[Extracted data entries]
□ □ □ □ □

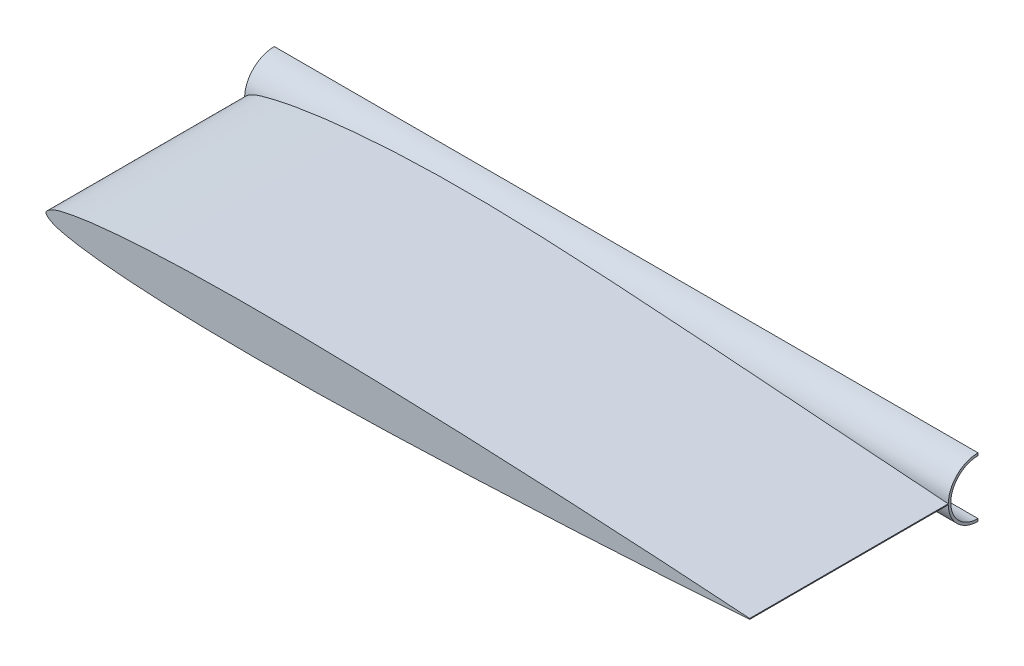
ISO-10303-21;
HEADER;
FILE_DESCRIPTION(('STEP AP214'),'2;1');
FILE_NAME('part.step','',(''),(''),'','','');
FILE_SCHEMA(('AUTOMOTIVE_DESIGN { 1 0 10303 214 1 1 1 1 }'));
ENDSEC;
DATA;
#1=APPLICATION_CONTEXT('core data for automotive mechanical design processes');
#2=APPLICATION_PROTOCOL_DEFINITION('international standard','automotive_design',2000,#1);
#3=PRODUCT_CONTEXT('',#1,'mechanical');
#4=PRODUCT('Part','Part','',(#3));
#5=PRODUCT_RELATED_PRODUCT_CATEGORY('part','',(#4));
#6=PRODUCT_DEFINITION_FORMATION('','',#4);
#7=PRODUCT_DEFINITION_CONTEXT('part definition',#1,'design');
#8=PRODUCT_DEFINITION('design','',#6,#7);
#9=PRODUCT_DEFINITION_SHAPE('','',#8);
#10=(LENGTH_UNIT() NAMED_UNIT(*) SI_UNIT(.MILLI.,.METRE.));
#11=(NAMED_UNIT(*) PLANE_ANGLE_UNIT() SI_UNIT($,.RADIAN.));
#12=(NAMED_UNIT(*) SI_UNIT($,.STERADIAN.) SOLID_ANGLE_UNIT());
#13=UNCERTAINTY_MEASURE_WITH_UNIT(LENGTH_MEASURE(1.E-05),#10,'distance_accuracy_value','');
#14=(GEOMETRIC_REPRESENTATION_CONTEXT(3) GLOBAL_UNCERTAINTY_ASSIGNED_CONTEXT((#13)) GLOBAL_UNIT_ASSIGNED_CONTEXT((#10,
#11,#12)) REPRESENTATION_CONTEXT('',''));
#15=CARTESIAN_POINT('',(0.,0.,0.));
#16=DIRECTION('',(0.,0.,1.));
#17=DIRECTION('',(1.,0.,0.));
#18=AXIS2_PLACEMENT_3D('',#15,#16,#17);
#19=CARTESIAN_POINT('',(0.,2.65648403185944E-13,0.));
#20=DIRECTION('',(0.,0.,-1.));
#21=DIRECTION('',(-1.,0.,0.));
#22=AXIS2_PLACEMENT_3D('',#19,#20,#21);
#23=PLANE('',#22);
#24=DIRECTION('',(-1.,0.,0.));
#25=VECTOR('',#24,1.);
#26=CARTESIAN_POINT('',(571.5,-22.098,0.));
#27=LINE('',#26,#25);
#28=CARTESIAN_POINT('',(571.5,-22.098,0.));
#29=VERTEX_POINT('',#28);
#30=CARTESIAN_POINT('',(0.,-22.098,0.));
#31=VERTEX_POINT('',#30);
#32=EDGE_CURVE('E49',#29,#31,#27,.T.);
#33=ORIENTED_EDGE('',*,*,#32,.F.);
#34=DIRECTION('',(0.,1.,0.));
#35=VECTOR('',#34,1.);
#36=CARTESIAN_POINT('',(571.5,0.360044999919579,0.));
#37=LINE('',#36,#35);
#38=CARTESIAN_POINT('',(571.5,-24.13,0.));
#39=VERTEX_POINT('',#38);
#40=EDGE_CURVE('E103',#39,#29,#37,.T.);
#41=ORIENTED_EDGE('',*,*,#40,.F.);
#42=DIRECTION('',(1.,0.,0.));
#43=VECTOR('',#42,1.);
#44=CARTESIAN_POINT('',(0.,-24.13,0.));
#45=LINE('',#44,#43);
#46=CARTESIAN_POINT('',(0.,-24.13,0.));
#47=VERTEX_POINT('',#46);
#48=EDGE_CURVE('E128',#47,#39,#45,.T.);
#49=ORIENTED_EDGE('',*,*,#48,.F.);
#50=DIRECTION('',(0.,1.,0.));
#51=VECTOR('',#50,1.);
#52=CARTESIAN_POINT('',(0.,-24.13,0.));
#53=LINE('',#52,#51);
#54=EDGE_CURVE('E163',#47,#31,#53,.T.);
#55=ORIENTED_EDGE('',*,*,#54,.T.);
#56=EDGE_LOOP('',(#33,#41,#49,#55));
#57=FACE_BOUND('',#56,.T.);
#58=ADVANCED_FACE('F33',(#57),#23,.T.);
#59=CARTESIAN_POINT('',(571.5,0.360044999919579,185.42));
#60=CARTESIAN_POINT('',(561.975510313426,1.01538717642884,185.42));
#61=CARTESIAN_POINT('',(542.928912588007,2.32590765775948,185.42));
#62=CARTESIAN_POINT('',(504.832156780951,4.7630267065629,185.42));
#63=CARTESIAN_POINT('',(457.210719030397,7.56222081538328,185.42));
#64=CARTESIAN_POINT('',(400.0595640761,10.5331616854128,185.42));
#65=CARTESIAN_POINT('',(342.909932380057,13.1215454403364,185.42));
#66=CARTESIAN_POINT('',(285.75975984895,15.2280111363781,185.42));
#67=CARTESIAN_POINT('',(228.608301613443,16.7302248223311,185.42));
#68=CARTESIAN_POINT('',(180.976079252393,17.2548876797488,185.42));
#69=CARTESIAN_POINT('',(142.872056014563,17.0472813553944,185.42));
#70=CARTESIAN_POINT('',(114.293689391611,16.4832136249963,185.42));
#71=CARTESIAN_POINT('',(85.7003991028661,15.3962416866348,185.42));
#72=CARTESIAN_POINT('',(61.9023768455399,13.8854038275558,185.42));
#73=CARTESIAN_POINT('',(42.8099405535945,12.0568553383374,185.42));
#74=CARTESIAN_POINT('',(28.6197496739266,10.3328197071644,185.42));
#75=CARTESIAN_POINT('',(16.2516084310247,7.95840471478376,185.42));
#76=CARTESIAN_POINT('',(7.18490939323513,5.85814304550578,185.42));
#77=CARTESIAN_POINT('',(-3.92729371811206,8.630435589854E-13,185.42));
#78=CARTESIAN_POINT('',(7.184909393234,-5.858143045507,185.42));
#79=CARTESIAN_POINT('',(16.2516084310231,-7.95840471478734,185.42));
#80=CARTESIAN_POINT('',(28.6197496739236,-10.3328197071719,185.42));
#81=CARTESIAN_POINT('',(42.8099405535911,-12.0568553383483,185.42));
#82=CARTESIAN_POINT('',(61.9023768455363,-13.885403827572,185.42));
#83=CARTESIAN_POINT('',(85.7003991028616,-15.396241686658,185.42));
#84=CARTESIAN_POINT('',(114.293689391606,-16.4832136250276,185.42));
#85=CARTESIAN_POINT('',(142.872056014559,-17.0472813554337,185.42));
#86=CARTESIAN_POINT('',(180.976079252388,-17.2548876797989,185.42));
#87=CARTESIAN_POINT('',(228.608301613438,-16.730224822395,185.42));
#88=CARTESIAN_POINT('',(285.759759848946,-15.228011136458,185.42));
#89=CARTESIAN_POINT('',(342.909932380053,-13.1215454404324,185.42));
#90=CARTESIAN_POINT('',(400.059564076098,-10.5331616855254,185.42));
#91=CARTESIAN_POINT('',(457.210719030393,-7.56222081551185,185.42));
#92=CARTESIAN_POINT('',(504.832156780949,-4.76302670670527,185.42));
#93=CARTESIAN_POINT('',(542.928912588006,-2.32590765791235,185.42));
#94=CARTESIAN_POINT('',(561.975510313426,-1.01538717658738,185.42));
#95=CARTESIAN_POINT('',(571.5,-0.360045000080395,185.42));
#96=B_SPLINE_CURVE_WITH_KNOTS('',3,(#59,#60,#61,#62,#63,#64,#65,#66,#67,#68,#69,#70,#71,#72,#73,
#74,#75,#76,#77,#78,#79,#80,#81,#82,#83,#84,#85,#86,#87,#88,#89,#90,#91,#92,#93,#94,#95),
.UNSPECIFIED.,.F.,.F.,(4,1,1,1,1,1,1,1,1,1,1,1,1,1,1,1,1,1,1,1,1,1,1,1,1,1,1,1,1,1,1,1,1,1,4),
(0.,0.0249245577594703,0.0498428830048284,0.0996630479535091,0.149464505803989,
0.199249098798805,0.249016479528594,0.298766909273868,0.348503608962617,0.373371187827416,
0.398243492902326,0.423129722742987,0.448051612806012,0.46054281715137,0.473079727808674,
0.485731111482558,0.492200581361296,0.5,0.507799418638703,0.514268888517442,0.526920272191325,
0.53945718284863,0.551948387193988,0.576870277257013,0.601756507097674,0.626628812172583,
0.651496391037383,0.701233090726132,0.750983520471406,0.800750901201195,0.850535494196011,
0.900336952046491,0.950157116995171,0.97507544224053,1.),.UNSPECIFIED.);
#97=DIRECTION('',(0.,0.,-1.));
#98=VECTOR('',#97,1.);
#99=SURFACE_OF_LINEAR_EXTRUSION('',#96,#98);
#100=DIRECTION('',(0.,0.,-1.));
#101=VECTOR('',#100,1.);
#102=CARTESIAN_POINT('',(571.5,0.360044999919579,185.42));
#103=LINE('',#102,#101);
#104=CARTESIAN_POINT('',(571.5,0.360044999919579,185.42));
#105=VERTEX_POINT('',#104);
#106=CARTESIAN_POINT('',(571.5,0.360044999919579,24.1273137252789));
#107=VERTEX_POINT('',#106);
#108=EDGE_CURVE('E117',#105,#107,#103,.T.);
#109=ORIENTED_EDGE('',*,*,#108,.T.);
#110=CARTESIAN_POINT('',(571.5,0.360044999919579,24.127313725279));
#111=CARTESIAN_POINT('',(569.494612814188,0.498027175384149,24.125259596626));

□ □ □ □ □

▶ **WHAT THE TASK ASKS**:
Only the lines above starting with the one with "#19=CARTESIAN_POINT('',(0.,2.65648403185944E-13,0.));" and going through the one with "#31=VERTEX_POINT('',#30);" are to be copied, word for word and with both ends kept.

▶ **SOLUTION FOR THIS EXERCISE**:
#19=CARTESIAN_POINT('',(0.,2.65648403185944E-13,0.));
#20=DIRECTION('',(0.,0.,-1.));
#21=DIRECTION('',(-1.,0.,0.));
#22=AXIS2_PLACEMENT_3D('',#19,#20,#21);
#23=PLANE('',#22);
#24=DIRECTION('',(-1.,0.,0.));
#25=VECTOR('',#24,1.);
#26=CARTESIAN_POINT('',(571.5,-22.098,0.));
#27=LINE('',#26,#25);
#28=CARTESIAN_POINT('',(571.5,-22.098,0.));
#29=VERTEX_POINT('',#28);
#30=CARTESIAN_POINT('',(0.,-22.098,0.));
#31=VERTEX_POINT('',#30);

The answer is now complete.